Bach is a cult. So if you say that you do not found him attractive you are exposing yourself to such unfounded commentaries.

I recommend to start with Violin and Brandenburgh concertos.

I like those directed by Karl Richter or those by Helmunt Winshermann. I prefer Winshermann.

The very first set of music I bought by myself -a long time ago- was Winshermann's set with Laser Light and I was really astonished by the beauty and perfection of his music. Really! Because of that I explored Bach fully with ardent enthusiasm and enjoyment, until...

...a Mozart's recording came across and... Bach never sound the same.

I fall in LOVE with Mozart.

This happens, so don't worry. Bach is one of the biggest and greatest, but I have found myself a lot more identified with Mozart's.

Instrumentation in Bach's time was really scarce so the challenge was really big so to bring such outstanding compositions. I like counterpoint but it is needed a little bit of attention and patience.

It can be also good to 'see' the performance of the Brandenburg Concertos in a DVD so to have a better idea of what is behind that oeuvres.


----------



## Huilunsoittaja (Apr 6, 2010)

I like Bach for how much sense he makes. I enjoy playing him, keyboard and flute stuff. But listening to it, not as much, unless it is the works that I enjoy playing. I love his flute sonatas, and although moments are tedious, he's just so fun to play somehow. He makes sense, and that's all I can say. Sense is good to me.

So, here's my suggestion. If you happen to play an instrument, especially piano, come to learn to play some of his works! You may get a whole lot more out of it than ever before.


----------



## tdc (Jan 17, 2011)

Crudblud said:


> Listen to Scarlatti instead.


D. Scarlatti is great, but recommending him as a substitute for Bach doesn't make a lot of sense to me.

Can you give me some suggestions for D. Scarlatti's great choral works, concertos, works for organ, violin, flute, cello, lute, chamber works? etc.


----------



## tgtr0660 (Jan 29, 2010)

I guess I'm entitled to make a thread about Bach _being_my favorite.


----------



## Crudblud (Dec 29, 2011)

tdc said:


> D. Scarlatti is great, but recommending him as a substitute for Bach doesn't make a lot of sense to me.
> 
> Can you give me some suggestions for D. Scarlatti's great choral works, concertos, works for organ, violin, flute, cello, lute, chamber works? etc.


No, but I can suggest that you stop taking this so seriously.


----------



## Philip (Mar 22, 2011)

Philip said:


> i immediately said to myself: This is what REAL music is supposed to be!!!

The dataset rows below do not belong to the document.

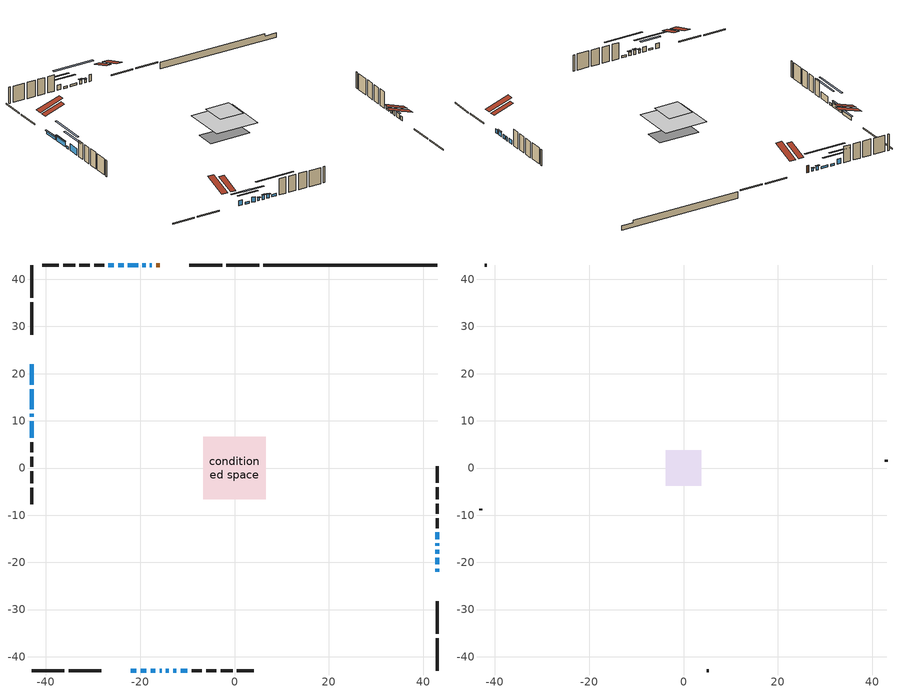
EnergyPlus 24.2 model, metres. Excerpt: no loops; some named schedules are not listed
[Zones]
conditioned space
 floor outside (Floor1 construction): -1.46,-1.46 -1.46,1.46 1.46,1.46 1.46,-1.46 z0.84
 floor adiabatic (AdiabaticFloorConstruction): -6.58,-6.58 -6.58,6.58 6.58,6.58 6.58,-6.58 z3.28
 floor foundation (Slab1 construction): -6.21,-3.01 -6.21,3.01 6.21,3.01 6.21,-3.01 z-1.23
 wall outside (RimJoist1 construction): 5.2,43.01 -1.71,43.01 / -43.01,-43.01 -36.1,-43.01 / -43.01,43.01 -43.01,36.1 / 43.01,-43.01 43.01,-36.1 z0.84:1.14
 wall outside (RimJoist2 construction): -2.64,43.01 -9.56,43.01 / -35.17,-43.01 -28.25,-43.01 / -43.01,35.17 -43.01,28.25 / 43.01,-35.17 43.01,-28.25 z0.84:1.14
 wall outside (AdiabaticWallConstruction 1): -15.88,43.01 -16.59,43.01 z0.84:2.87
 wall outside (AdiabaticWallConstruction): 43.01,-21.93 43.01,-21.31 / 43.01,-18.13 43.01,-17.36 / 43.01,-16.44 43.01,-15.98 / 43.01,-15.05 43.01,-13.65 z0.84:2.06; -21.93,-43.01 -20.81,-43.01 / -25.6,43.01 -26.72,43.01 z0.84:2.36; -19.88,-43.01 -18.71,-43.01 / -23.5,43.01 -24.67,43.01 z0.84:1.43; -17.79,-43.01 -16.8,-43.01 / -43.01,16.73 -43.01,12.47 z0.84:2.34; -17.52,43.01 -17.93,43.01 / -15.87,-43.01 -15.46,-43.01 z0.84:1.76; -43.01,21.93 -43.01,17.66 z0.84:1.75; 43.01,-20.38 43.01,-19.05 z0.84:2.26; -18.85,43.01 -19.52,43.01 / -13,-43.01 -12.33,-43.01 z0.84:1.98; -14.53,-43.01 -13.92,-43.01 z0.84:2.16; -20.44,43.01 -22.58,43.01 / -43.01,11.54 -43.01,10.83 / -11.41,-43.01 -9.98,-43.01 z0.84:1.5; -43.01,9.9 -43.01,6.37 z0.84:2.87
 wall outside (Wall1 construction): -27.65,43.01 -29.74,43.01 / -9.05,-43.01 -6.96,-43.01 / -43.01,5.44 -43.01,3.35 / 43.01,-12.73 43.01,-10.63 z0.84:5.72
 wall outside (Wall2 construction): -30.67,43.01 -32.85,43.01 / -6.03,-43.01 -3.86,-43.01 / -43.01,2.42 -43.01,0.24 / 43.01,-9.7 43.01,-7.53 z0.84:5.72
 wall outside (Wall3 construction): -33.77,43.01 -36.3,43.01 / -2.93,-43.01 -0.4,-43.01 / -43.01,-0.69 -43.01,-3.21 / 43.01,-6.6 43.01,-4.08 z0.84:5.72
 wall outside (Wall4 construction): -37.23,43.01 -40.75,43.01 / 0.52,-43.01 4.05,-43.01 / -43.01,-4.14 -43.01,-7.66 / 43.01,-3.15 43.01,0.37 z0.84:5.72
 wall foundation (FoundationWall1 construction): 6.13,43.01,-1.23 6.13,43.01,0.84 39.32,43.01,0.84 39.32,43.01,0.08 43.01,43.01,0.08 43.01,43.01,-1.23
 window (WindowConstruction 15): 43.01,-21.93 43.01,-21.31 z0.84:2.06
 window (WindowConstruction 4): -21.93,-43.01 -20.81,-43.01 z0.84:2.36
 window (WindowConstruction 5): -19.88,-43.01 -18.72,-43.01 z0.84:1.43
 window (WindowConstruction 6): -17.79,-43.01 -16.8,-43.01 z0.84:2.34
 window (WindowConstruction 7): -17.52,43.01 -17.92,43.01 z0.84:1.75
 window (WindowConstruction 8): -43.01,21.93 -43.01,17.66 z0.84:1.75
 window (WindowConstruction 9): -43.01,16.73 -43.01,12.47 z0.84:2.34
 window (WindowConstruction 10): -15.87,-43.01 -15.46,-43.01 z0.84:1.75
 window (WindowConstruction 11): 43.01,-20.38 43.01,-19.06 z0.84:2.26
 window (WindowConstruction 12): -18.85,43.01 -19.51,43.01 z0.84:1.98
 window (WindowConstruction 13): -14.53,-43.01 -13.92,-43.01 z0.84:2.16
 window (WindowConstruction 14): -12.99,-43.01 -12.33,-43.01 z0.84:1.98
 window (WindowConstruction 18): -20.44,43.01 -22.58,43.01 z0.84:1.5
 window (WindowConstruction 19): -43.01,11.54 -43.01,10.83 z0.84:1.5
 window (WindowConstruction 20): -11.4,-43.01 -9.98,-43.01 z0.84:1.5
 window (WindowConstruction 16): 43.01,-18.13 43.01,-17.36 z0.84:2.06
 window (WindowConstruction 17): 43.01,-16.44 43.01,-15.98 z0.84:2.06
 window (WindowConstruction): 43.01,-15.05 43.01,-13.66 z0.84:2.06
 window (WindowConstruction 1): -23.5,43.01 -24.67,43.01 z0.84:1.43
 window (WindowConstruction 2): -25.6,43.01 -26.72,43.01 z0.84:2.36
 window (WindowConstruction 3): -43.01,9.9 -43.01,6.37 z0.84:2.87
 door (Door): -15.88,43.01 -16.59,43.01 z0.84:2.87
 ceiling adiabatic (AdiabaticFloorConstruction): 6.58,-6.58 6.58,6.58 -6.58,6.58 -6.58,-6.58 z3.28
 roof outside (Roof2 construction): -14.95,43.01,5.72 -14.95,36.86,7.77 -13.33,36.86,7.77 -13.33,43.01,5.72; -22.86,-43.01,5.72 -22.86,-36.86,7.77 -24.48,-36.86,7.77 -24.48,-43.01,5.72; -43.01,22.86,5.72 -36.86,22.86,7.77 -36.86,24.48,7.77 -43.01,24.48,5.72; 43.01,-22.86,5.72 36.86,-22.86,7.77 36.86,-24.48,7.77 43.01,-24.48,5.72
attic - vented
 floor to conditioned space (Floor2 construction Reversed): -3.73,-3.73 -3.73,3.73 3.73,3.73 3.73,-3.73 z5.72
 wall outside (Wall5 construction): -41.68,43.01 -42.08,43.01 / 4.98,-43.01 5.38,-43.01 / -43.01,-8.59 -43.01,-8.99 / 43.01,1.3 43.01,1.71 z0.84:5.72
 roof outside (Roof1 construction): -12.4,43.01,5.72 -12.4,35.75,8.14 -10.49,35.75,8.14 -10.49,43.01,5.72; -25.41,-43.01,5.72 -25.41,-35.75,8.14 -27.32,-35.75,8.14 -27.32,-43.01,5.72; -43.01,25.41,5.72 -35.75,25.41,8.14 -35.75,27.32,8.14 -43.01,27.32,5.72; 43.01,-25.41,5.72 35.75,-25.41,8.14 35.75,-27.32,8.14 43.01,-27.32,5.72
shading: -18.17,-43.01 -24.57,-43.01 -24.57,-43.42 -18.17,-43.42 z5; -16.08,-43.01 -22.52,-43.01 -22.52,-43.42 -16.08,-43.42 z4.06; -14.16,-43.01 -20.43,-43.01 -20.43,-43.42 -14.16,-43.42 z4.98; -18.13,43.01 -17.32,43.01 -17.32,43.42 -18.13,43.42 z1.96; -43.01,17.46 -43.01,22.13 -43.42,22.13 -43.42,17.46 z1.96; -43.01,12.27 -43.01,16.94 -43.42,16.94 -43.42,12.27 z2.54; -15.26,-43.01 -16.07,-43.01 -16.07,-43.42 -15.26,-43.42 z1.96; 43.01,-18.85 43.01,-20.58 43.42,-20.58 43.42,-18.85 z2.46; -19.72,43.01 -18.65,43.01 -18.65,43.42 -19.72,43.42 z2.18; -13.72,-43.01 -14.73,-43.01 -14.73,-43.42 -13.72,-43.42 z2.36; -12.13,-43.01 -13.2,-43.01 -13.2,-43.42 -12.13,-43.42 z2.18; -27.89,43.01 -15.12,43.01 -15.12,43.42 -27.89,43.42 z6.82; -43.01,5.51 -43.01,16.86 -43.42,16.86 -43.42,5.51 z6.82; -4.66,-43.01 -16.72,-43.01 -16.72,-43.42 -4.66,-43.42 z6.82; -27.31,43.01 -20.87,43.01 -20.87,43.42 -27.31,43.42 z4.06; -29.36,43.01 -22.96,43.01 -22.96,43.42 -29.36,43.42 z5; -43.01,3.73 -43.01,12.54 -43.42,12.54 -43.42,3.73 z5.51
[Building]
Building 1: Terrain=Suburbs
[Site:Location]
Toronto City Centre_ON: Latitude {deg}=43.63; Longitude {deg}=-79.39; Time Zone {hr}=-5; Elevation {m}=77; Keep Site Location Information=Yes
[Site:GroundTemperature:Shallow]
5.01852, 3.26908, 3.12898, 3.95918, 7.29196, 10.6092, 13.4851, 15.3069, 15.4617, 13.9799, 11.1774, 7.9619
[Site:WaterMainsTemperature]
Calculation Method=Schedule; Temperature Schedule=mains temperature schedule
[Material] Roughness=Rough; Thermal Absorptance=0.9
Name | Thickness {m} | Conductivity {W/m-K} | Density {kg/m3} | Specific Heat {J/kg-K} | Solar Absorptance | Visible Absorptance
asphalt or fiberglass shingles | 0.00635 | 0.162714 | 1121.4 | 1465.45 | 0.4 | 0.4
ceiling loosefill ins | 0.0846667 | 0.0480833 | 16.02 | 1046.75 | 0.7 | 0.7
ceiling stud and cavity | 0.1397 | 0.126132 | 65.682 | 1177.47 | 0.7 | 0.7
concrete 4.0 in. | 0.1016 | 1.803125 | 2242.8 | 837.4 | 0.7 | 0.7
concrete 8.0 in. | 0.2032 | 1.803125 | 2242.8 | 837.4 | 0.7 | 0.7
door material | 0.04445 | 0.053851 | 512.64 | 1214.23 | 0.7 | 0.7
floor covering | 0.0127 | 0.0433444 | 54.468 | 1339.84 | 0.6 | 0.6
floor rigid ins; roof rigid ins | 0.103632 | 0.029427 | 32.04 | 1214.23 | 0.7 | 0.7
floor rigid ins 1; wall rigid ins 1 | 0.512978 | 0.029427 | 32.04 | 1214.23 | 0.7 | 0.7
floor stud and cavity | 0.1397 | 0.133073 | 92.3553 | 1139.71 | 0.7 | 0.7
floor stud and cavity 1 | 0.1397 | 1.75129 | 37.0049 | 1207.88 | 0.7 | 0.7
furniture material conditioned space 1 | 0.1524 | 0.115458 | 640.8 | 1214.23 | 0.6 | 0.6
gypsum board | 0.0127 | 0.160291 | 801 | 837.4 | 0.6 | 0.6
osb sheathing 0.5 in. | 0.0127 | 0.115458 | 512.64 | 1214.23 | 0.7 | 0.7
osb sheathing 0.75 in. | 0.01905 | 0.115458 | 512.64 | 1214.23 | 0.7 | 0.7
osb sheathing 2.0 in. | 0.0508 | 0.115458 | 512.64 | 1214.23 | 0.7 | 0.7
rim joist rigid ins; wall rigid ins | 0.051816 | 0.029427 | 32.04 | 1214.23 | 0.7 | 0.7
rim joist stud and cavity | 0.0508 | 0.177588 | 50.32683 | 1063.81 | 0.6 | 0.6
rim joist stud and cavity 1 | 0.0508 | 0.0348186 | 125.044 | 1163.47 | 0.6 | 0.6
roof stud and cavity | 0.2032 | 0.0732799 | 78.34581 | 1123.46 | 0.7 | 0.7
wall stud and cavity | 0.1397 | 0.131574 | 139.0536 | 1170.24 | 0.7 | 0.7
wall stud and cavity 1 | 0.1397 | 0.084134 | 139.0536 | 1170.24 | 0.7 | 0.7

then i went home, yahooed "Bach fugue for guitar", and found:

Bach: Fugue for Lute in G minor, (BWV 1000)





This is still my favourite recording, favourite piece, and i doubt i'll ever find anything more meaningful. This piece touches my soul!!!


----------



## tdc (Jan 17, 2011)

Crudblud said:


> No, but I can suggest that you stop taking this so seriously.


So, in other words your response was a joke. Thanks for the clarification! :lol:


----------



## Guest (Sep 8, 2012)

I really enjoyed watching the flashing lights of the Passacaglia and Fugue.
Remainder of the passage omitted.